- [WORK REQUEST] Only lines that contain the string "color" should be returned from the material below.

◆ ◆ ◆ ◆

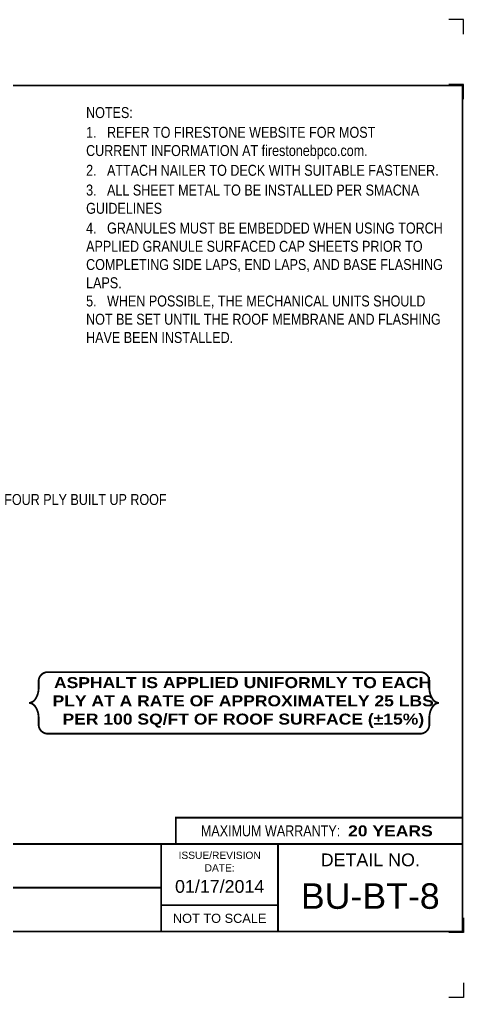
# Model space of a CAD drawing. Header units: inches. Extents: x -697.7 to -677.6, y -96.2 to -79.4.
# Drawn here: x -685.22 to -677.62, y -96.21 to -79.45 of the extents above; entities that cross this region are included whole.
import ezdxf
from ezdxf.enums import TextEntityAlignment as Align

# ---------------------------------------------------------------- set-up
doc = ezdxf.new("R2010")
doc.units = ezdxf.units.IN
doc.header["$MEASUREMENT"] = 0
doc.layers.get('0').update_dxf_attribs({"linetype": 'CONTINUOUS'})
doc.layers.get('DEFPOINTS').update_dxf_attribs({"linetype": 'CONTINUOUS'})
for name, color, linetype in [('FSBP-ANNO-LABEL', 7, 'CONTINUOUS'), ('FSBP-ANNO-NOTE', 7, 'CONTINUOUS'), ('FSBP-TTLB', 7, 'CONTINUOUS'), ('FSBP-TTLB-BORDER', 7, 'CONTINUOUS'), ('FSBP-TTLB-TEXT', 7, 'CONTINUOUS')]:
    doc.layers.add(name, color=color, linetype=linetype)
doc.styles.add('ARIAL', font='arial.ttf')
doc.styles.add('ARIAL_BOLD', font='')
doc.styles.add('ARIAL_NAR', font='ARIALN.TTF')
doc.styles.add('FSBP_ARIAL_NAR', font='ARIALN.TTF')
doc.styles.get('ARIAL_BOLD').set_extended_font_data('Arial Black')

# ---------------------------------------------------------------- blocks, each defined once
blk = doc.blocks.new('TTLB-ASPHALT_1')
blk.add_line((16.84110496735593, 0), (20, 0))
at = {"layer": 'DEFPOINTS', "linetype": 'Continuous', "ltscale": 1.75}
for points in [[(20.01562500000003, 13.88083333333333), (20.01562500000003, 14.13083333333333), (19.76562500000003, 14.13083333333333)], [(20.01562500000003, -2.380833333333342), (20.01562500000003, -2.630833333333342), (19.76562500000003, -2.630833333333342)]]:
    blk.add_lwpolyline(points, dxfattribs=at)
at = {"layer": 'DEFPOINTS', "color": 1}
for points in [[(20.015625, 12.765625), (20.015625, 13.015625), (19.765625, 13.015625)], [(20.015625, -1.265625), (20.015625, -1.515625), (19.765625, -1.515625)]]:
    blk.add_lwpolyline(points, dxfattribs=at)
at = {"layer": 'FSBP-TTLB', "const_width": 0.03125}
blk.add_lwpolyline([(15.09028770518938, 0), (20, 0), (20, 0.4512598240669945), (15.09028770518938, 0.4512598240669945)], close=True, dxfattribs=at)
for points in [[(0, 0), (0, -1.5), (20, -1.5), (20, 0), (0, 0)], [(14.84028770518938, 0), (14.84028770518938, -1.5)], [(16.84110496735593, 0), (16.84110496735593, -1.5)], [(20, 0), (20, -1.5)], [(4.825208527206769, -0.75), (14.84028770518938, -0.75)], [(14.84028770518938, -1.048740175933006), (16.84110496735593, -1.048740175933006)]]:
    blk.add_lwpolyline(points, dxfattribs=at)
at = {"layer": 'FSBP-TTLB-BORDER', "const_width": 0.03125}
blk.add_lwpolyline([(20, 0), (20, 13), (0, 13), (0, 0)], dxfattribs=at)
at = {"layer": 'FSBP-TTLB-TEXT', "style": 'ARIAL_NAR'}
blk.add_text('MAXIMUM WARRANTY:', height=0.1875, dxfattribs=at).set_placement((17.90516569312837, 0.2256299120335257), align=Align.MIDDLE_RIGHT)
at = {"layer": 'FSBP-TTLB-TEXT', "style": 'ARIAL_BOLD'}
blk.add_text('20 YEARS', height=0.1875, dxfattribs=at).set_placement((18.03987100774941, 0.2240244307510579), align=Align.MIDDLE_LEFT)
at = {"layer": 'FSBP-TTLB-TEXT', "style": 'ARIAL'}
for s, height, p in [('ISSUE/REVISION', 0.125, (15.84069633627263, -0.1938496373466023)), ('DETAIL NO.', 0.21875, (18.42055248367797, -0.2724398367368792)), ('DATE:', 0.125, (15.84069633627263, -0.409973105348854)), ('NOT TO SCALE', 0.15625, (15.84069633627263, -1.274370087966503))]:
    blk.add_text(s, height=height, dxfattribs=at).set_placement(p, align=Align.MIDDLE_CENTER)
at = {"layer": 'FSBP-TTLB-TEXT'}
for tag, height, style, p in [('DETAIL_DESCP_LINE_1', 0.21875, 'ARIAL_BOLD', (9.832748116198076, -0.375)), ('ISSUE_REV_DATE', 0.21875, 'ARIAL', (15.84069633627263, -0.7282559425942452)), ('DETAIL_NUMBER', 0.4375, 'ARIAL', (18.42055248367797, -0.8931630692489421))]:
    blk.add_attdef(tag, text='', height=height, dxfattribs=dict(at, style=style)).set_placement(p, align=Align.MIDDLE_CENTER)
at = {"layer": 'FSBP-TTLB-TEXT', "style": 'ARIAL'}
blk.add_attdef('ACCPT_SYSTEMS', text='', height=0.21875, dxfattribs=at).set_placement((11.49438170418193, -1.125), align=Align.MIDDLE_LEFT)

msp = doc.modelspace()

# ---------------------------------------------------------------- linework, layer by layer
at = {"layer": 'FSBP-ANNO-NOTE', "const_width": 0.03125}
msp.add_lwpolyline([(-684.8971165180604, -90.92284123328157), (-684.8971165180604, -90.79055520229876, -0.414213562373095), (-684.7408665180604, -90.63430520229876), (-678.3613614394756, -90.63430520229876, -0.414213562373095), (-678.2051114394756, -90.79055520229876), (-678.2051114394756, -90.92284123328157, 0.1409083258157955), (-678.1466638132881, -91.1009822833846, 0.2244532195272858), (-678.0426003955752, -91.16226332348141, 0.2244532195272858), (-678.1466638132881, -91.2235443635782, 0.1409083258157939), (-678.2051114394756, -91.40168541368122), (-678.2051114394756, -91.53397144466406, -0.414213562373095), (-678.3613614394756, -91.69022144466406), (-684.7408665180604, -91.69022144466406, -0.414213562373095), (-684.8971165180604, -91.53397144466406), (-684.8971165180604, -91.40168541368122, 0.1409083258157955), (-684.9555641442479, -91.2235443635782, 0.2244532195272858), (-685.0596275619608, -91.16226332348141, 0.2244532195272858), (-684.9555641442479, -91.1009822833846, 0.1409083258157939)], format="xyb", close=True, dxfattribs=at)

# ---------------------------------------------------------------- block references
ref = msp.add_blockref('TTLB-ASPHALT_1', (-697.6369736728427, -93.58006991502182))
ref.add_attrib('ISSUE_REV_DATE', '01/17/2014', dxfattribs={"layer": 'FSBP-TTLB-TEXT', "height": 0.21875, "style": 'ARIAL'}).set_placement((-681.7962773365701, -94.30832585761607), align=Align.MIDDLE_CENTER)
ref.add_attrib('DETAIL_NUMBER', 'BU-BT-8', dxfattribs={"layer": 'FSBP-TTLB-TEXT', "height": 0.4375, "style": 'ARIAL'}).set_placement((-679.2164211891647, -94.47323298427077), align=Align.MIDDLE_CENTER)

# ---------------------------------------------------------------- texts
at = {"layer": 'FSBP-ANNO-LABEL', "style": 'ARIAL_NAR'}
msp.add_text('FOUR PLY BUILT UP ROOF', height=0.1875, dxfattribs=at).set_placement((-685.4856832757147, -87.67578792376065), align=Align.MIDDLE_LEFT)
at = {"layer": 'FSBP-ANNO-NOTE', "char_height": 0.1875, "attachment_point": 1}
for s, width, heights, insert, style in [('NOTES:\\P{\\H0.083333x;\\P\\pi-0.375,l0.375;}1.   REFER TO FIRESTONE WEBSITE FOR MOST \\P\\pi0;CURRENT INFORMATION AT firestonebpco.com.\\P\\pl0;{\\H0.083333x;\\P\\pi-0.375,l0.375;}2.   ATTACH NAILER TO DECK WITH SUITABLE FASTENER.\\P\\pi0;{\\H0.083333x;\\P\\pi-0.375;}3.   ALL SHEET METAL TO BE INSTALLED PER SMACNA GUIDELINES\\P{\\H0.083333x;\\P}4.   GRANULES MUST BE EMBEDDED WHEN USING TORCH APPLIED GRANULE SURFACED CAP SHEETS PRIOR TO COMPLETING SIDE LAPS, END LAPS, AND BASE FLASHING LAPS.\\P5.   WHEN POSSIBLE, THE MECHANICAL UNITS SHOULD NOT BE SET UNTIL THE ROOF MEMBRANE AND FLASHING HAVE BEEN INSTALLED.', 6.161841700162768, [4.142149620502099], (-684.0834383715119, -80.94970604387345), 'FSBP_ARIAL_NAR'), ('\\pi0.09898,l0.375;ASPHALT IS APPLIED UNIFORMLY TO EACH \\P\\pi0.074232;PLY AT A RATE OF APPROXIMATELY 25 LBS \\P\\pi0.24453;PER 100 SQ/FT OF ROOF SURFACE (±15%)', 7.17886781798552, [0.9038556274154006], (-685.107830794451, -90.7209690989348), 'ARIAL_BOLD')]:
    msp.add_mtext_dynamic_manual_height_columns(s, width=width, gutter_width=1.09375, heights=heights, dxfattribs=dict(at, insert=insert, style=style))

doc.saveas('drawing.dxf')

◆ ◆ ◆ ◆

- [SOLUTION TO THIS PROBLEM]
for name, color, linetype in [('FSBP-ANNO-LABEL', 7, 'CONTINUOUS'), ('FSBP-ANNO-NOTE', 7, 'CONTINUOUS'), ('FSBP-TTLB', 7, 'CONTINUOUS'), ('FSBP-TTLB-BORDER', 7, 'CONTINUOUS'), ('FSBP-TTLB-TEXT', 7, 'CONTINUOUS')]:
    doc.layers.add(name, color=color, linetype=linetype)
at = {"layer": 'DEFPOINTS', "color": 1}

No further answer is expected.